**WHAT YOU SHOULD DO:** Repeat the lines below exactly as written, please, from the line with "#37=LINE('',#36,#35);" to the line with "#48=EDGE_CURVE('E470',#47,#39,#45,.T.);", both lines included, and no others.

**RECORDS SUPPLIED:**
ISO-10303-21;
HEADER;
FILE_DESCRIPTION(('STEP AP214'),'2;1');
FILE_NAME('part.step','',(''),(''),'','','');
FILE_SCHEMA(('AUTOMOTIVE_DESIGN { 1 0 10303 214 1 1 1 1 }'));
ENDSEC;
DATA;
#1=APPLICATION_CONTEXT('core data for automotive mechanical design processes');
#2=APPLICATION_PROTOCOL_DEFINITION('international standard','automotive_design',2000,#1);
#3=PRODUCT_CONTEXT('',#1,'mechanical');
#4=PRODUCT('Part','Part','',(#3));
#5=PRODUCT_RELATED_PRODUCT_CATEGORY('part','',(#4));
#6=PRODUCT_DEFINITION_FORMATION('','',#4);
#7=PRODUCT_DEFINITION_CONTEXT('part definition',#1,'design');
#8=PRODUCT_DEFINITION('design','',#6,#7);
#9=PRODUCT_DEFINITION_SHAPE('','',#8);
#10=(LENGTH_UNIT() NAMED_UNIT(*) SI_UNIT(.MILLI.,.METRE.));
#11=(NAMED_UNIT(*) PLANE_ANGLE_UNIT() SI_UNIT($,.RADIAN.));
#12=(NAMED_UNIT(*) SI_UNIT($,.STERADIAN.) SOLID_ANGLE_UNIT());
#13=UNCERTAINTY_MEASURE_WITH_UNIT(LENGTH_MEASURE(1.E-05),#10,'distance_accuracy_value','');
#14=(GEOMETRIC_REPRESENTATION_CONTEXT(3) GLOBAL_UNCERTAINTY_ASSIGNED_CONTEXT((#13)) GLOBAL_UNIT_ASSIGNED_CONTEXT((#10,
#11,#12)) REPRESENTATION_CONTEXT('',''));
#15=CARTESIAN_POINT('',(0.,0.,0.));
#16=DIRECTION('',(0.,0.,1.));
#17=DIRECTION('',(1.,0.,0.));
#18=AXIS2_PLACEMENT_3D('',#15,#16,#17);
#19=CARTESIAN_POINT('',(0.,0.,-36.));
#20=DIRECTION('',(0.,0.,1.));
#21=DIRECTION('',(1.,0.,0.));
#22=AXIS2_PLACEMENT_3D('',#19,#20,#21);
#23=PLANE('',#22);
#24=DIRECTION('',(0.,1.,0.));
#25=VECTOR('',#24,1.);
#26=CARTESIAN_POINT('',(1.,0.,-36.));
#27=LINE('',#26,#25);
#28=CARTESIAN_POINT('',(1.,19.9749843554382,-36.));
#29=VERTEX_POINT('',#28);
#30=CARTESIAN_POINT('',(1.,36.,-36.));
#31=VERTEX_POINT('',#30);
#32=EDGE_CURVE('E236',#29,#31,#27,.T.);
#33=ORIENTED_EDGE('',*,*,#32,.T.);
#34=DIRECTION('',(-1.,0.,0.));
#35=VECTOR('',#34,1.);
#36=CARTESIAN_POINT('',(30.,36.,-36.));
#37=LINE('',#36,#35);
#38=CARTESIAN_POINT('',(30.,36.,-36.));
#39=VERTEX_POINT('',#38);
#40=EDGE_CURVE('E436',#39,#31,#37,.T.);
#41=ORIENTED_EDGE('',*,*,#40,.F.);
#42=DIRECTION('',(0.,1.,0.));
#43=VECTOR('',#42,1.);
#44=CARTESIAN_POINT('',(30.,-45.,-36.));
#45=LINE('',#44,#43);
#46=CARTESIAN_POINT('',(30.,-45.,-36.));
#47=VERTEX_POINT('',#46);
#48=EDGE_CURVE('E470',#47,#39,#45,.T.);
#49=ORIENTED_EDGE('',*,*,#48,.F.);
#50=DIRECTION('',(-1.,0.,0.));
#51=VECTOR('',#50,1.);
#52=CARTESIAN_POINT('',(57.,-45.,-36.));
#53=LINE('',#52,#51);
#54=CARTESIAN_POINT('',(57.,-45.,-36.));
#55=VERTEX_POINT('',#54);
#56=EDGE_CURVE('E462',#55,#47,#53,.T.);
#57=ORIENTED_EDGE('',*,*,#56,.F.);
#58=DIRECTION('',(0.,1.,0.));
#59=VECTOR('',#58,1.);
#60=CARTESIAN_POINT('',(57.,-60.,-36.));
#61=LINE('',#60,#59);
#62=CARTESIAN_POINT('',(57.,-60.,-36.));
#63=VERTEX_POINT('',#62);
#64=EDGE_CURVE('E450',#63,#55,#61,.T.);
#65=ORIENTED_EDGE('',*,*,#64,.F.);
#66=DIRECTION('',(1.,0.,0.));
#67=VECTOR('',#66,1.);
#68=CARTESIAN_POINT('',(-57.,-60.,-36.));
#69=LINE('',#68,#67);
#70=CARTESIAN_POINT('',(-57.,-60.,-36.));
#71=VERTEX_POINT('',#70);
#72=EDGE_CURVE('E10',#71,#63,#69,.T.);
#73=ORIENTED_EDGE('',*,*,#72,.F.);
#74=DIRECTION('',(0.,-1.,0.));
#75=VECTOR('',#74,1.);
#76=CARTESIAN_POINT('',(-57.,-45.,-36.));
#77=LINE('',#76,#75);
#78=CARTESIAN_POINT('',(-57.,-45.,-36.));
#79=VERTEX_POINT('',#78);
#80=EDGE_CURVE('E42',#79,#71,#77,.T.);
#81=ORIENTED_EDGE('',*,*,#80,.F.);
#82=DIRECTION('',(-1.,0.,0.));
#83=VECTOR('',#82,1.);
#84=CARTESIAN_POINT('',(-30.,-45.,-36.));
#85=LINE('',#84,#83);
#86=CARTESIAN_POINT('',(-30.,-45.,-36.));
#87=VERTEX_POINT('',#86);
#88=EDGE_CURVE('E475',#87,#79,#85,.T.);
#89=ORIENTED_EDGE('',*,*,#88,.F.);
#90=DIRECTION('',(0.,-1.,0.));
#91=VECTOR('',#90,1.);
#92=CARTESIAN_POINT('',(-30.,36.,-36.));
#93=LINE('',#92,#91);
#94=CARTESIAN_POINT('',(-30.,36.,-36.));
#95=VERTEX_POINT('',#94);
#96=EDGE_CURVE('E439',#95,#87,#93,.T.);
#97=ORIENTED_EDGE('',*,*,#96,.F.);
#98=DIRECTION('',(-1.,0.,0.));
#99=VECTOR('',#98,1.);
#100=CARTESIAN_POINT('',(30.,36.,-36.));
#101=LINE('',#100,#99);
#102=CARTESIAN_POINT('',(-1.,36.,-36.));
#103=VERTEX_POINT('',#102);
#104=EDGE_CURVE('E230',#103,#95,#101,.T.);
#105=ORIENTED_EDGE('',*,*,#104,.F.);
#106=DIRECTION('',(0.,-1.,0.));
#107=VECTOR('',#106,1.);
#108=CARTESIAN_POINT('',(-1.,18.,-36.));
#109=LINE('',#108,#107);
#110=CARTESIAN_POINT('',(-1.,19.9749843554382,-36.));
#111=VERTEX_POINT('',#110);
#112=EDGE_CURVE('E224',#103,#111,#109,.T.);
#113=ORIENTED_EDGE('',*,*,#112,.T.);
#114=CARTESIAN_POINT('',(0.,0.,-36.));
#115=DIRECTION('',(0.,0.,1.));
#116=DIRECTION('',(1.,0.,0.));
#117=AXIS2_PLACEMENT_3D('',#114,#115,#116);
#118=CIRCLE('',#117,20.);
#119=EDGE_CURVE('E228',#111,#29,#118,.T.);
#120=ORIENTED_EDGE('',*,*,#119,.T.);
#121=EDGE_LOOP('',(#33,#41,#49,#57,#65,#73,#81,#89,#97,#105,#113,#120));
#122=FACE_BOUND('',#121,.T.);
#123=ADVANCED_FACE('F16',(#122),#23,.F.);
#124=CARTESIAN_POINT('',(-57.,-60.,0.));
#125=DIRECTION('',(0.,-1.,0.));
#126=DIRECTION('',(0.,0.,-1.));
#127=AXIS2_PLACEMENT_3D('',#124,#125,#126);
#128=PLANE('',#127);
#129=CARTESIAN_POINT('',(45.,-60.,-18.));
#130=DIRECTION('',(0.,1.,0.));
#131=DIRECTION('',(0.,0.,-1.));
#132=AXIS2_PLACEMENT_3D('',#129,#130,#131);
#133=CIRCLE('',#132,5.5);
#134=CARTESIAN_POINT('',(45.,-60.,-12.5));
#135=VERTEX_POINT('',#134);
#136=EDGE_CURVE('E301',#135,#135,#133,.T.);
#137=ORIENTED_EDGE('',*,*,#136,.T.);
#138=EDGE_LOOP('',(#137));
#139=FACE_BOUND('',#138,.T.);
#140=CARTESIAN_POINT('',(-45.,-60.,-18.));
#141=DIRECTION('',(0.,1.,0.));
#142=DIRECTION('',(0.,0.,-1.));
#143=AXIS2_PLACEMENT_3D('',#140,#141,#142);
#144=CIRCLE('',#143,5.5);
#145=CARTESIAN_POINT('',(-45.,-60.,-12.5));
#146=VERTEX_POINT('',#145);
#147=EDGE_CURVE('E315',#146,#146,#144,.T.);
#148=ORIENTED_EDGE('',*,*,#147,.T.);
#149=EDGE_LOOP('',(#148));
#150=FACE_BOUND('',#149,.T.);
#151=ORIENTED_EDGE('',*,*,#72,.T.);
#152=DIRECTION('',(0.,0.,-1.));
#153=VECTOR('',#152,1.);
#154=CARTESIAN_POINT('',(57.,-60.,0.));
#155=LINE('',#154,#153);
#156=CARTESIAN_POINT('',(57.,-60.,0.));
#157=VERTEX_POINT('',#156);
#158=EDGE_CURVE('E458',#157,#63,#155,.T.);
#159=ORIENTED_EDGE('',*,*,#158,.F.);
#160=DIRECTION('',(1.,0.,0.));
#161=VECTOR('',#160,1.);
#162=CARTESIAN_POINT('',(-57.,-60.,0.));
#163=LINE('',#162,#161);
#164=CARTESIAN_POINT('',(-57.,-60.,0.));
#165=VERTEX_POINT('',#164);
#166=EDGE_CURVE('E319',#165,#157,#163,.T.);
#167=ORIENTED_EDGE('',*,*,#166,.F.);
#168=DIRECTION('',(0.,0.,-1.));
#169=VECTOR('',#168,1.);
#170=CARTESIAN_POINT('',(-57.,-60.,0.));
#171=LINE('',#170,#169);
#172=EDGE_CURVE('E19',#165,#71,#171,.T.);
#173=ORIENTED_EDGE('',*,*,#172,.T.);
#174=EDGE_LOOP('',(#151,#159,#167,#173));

**WRITTEN ANSWER:**
#37=LINE('',#36,#35);
#38=CARTESIAN_POINT('',(30.,36.,-36.));
#39=VERTEX_POINT('',#38);
#40=EDGE_CURVE('E436',#39,#31,#37,.T.);
#41=ORIENTED_EDGE('',*,*,#40,.F.);
#42=DIRECTION('',(0.,1.,0.));
#43=VECTOR('',#42,1.);
#44=CARTESIAN_POINT('',(30.,-45.,-36.));
#45=LINE('',#44,#43);
#46=CARTESIAN_POINT('',(30.,-45.,-36.));
#47=VERTEX_POINT('',#46);
#48=EDGE_CURVE('E470',#47,#39,#45,.T.);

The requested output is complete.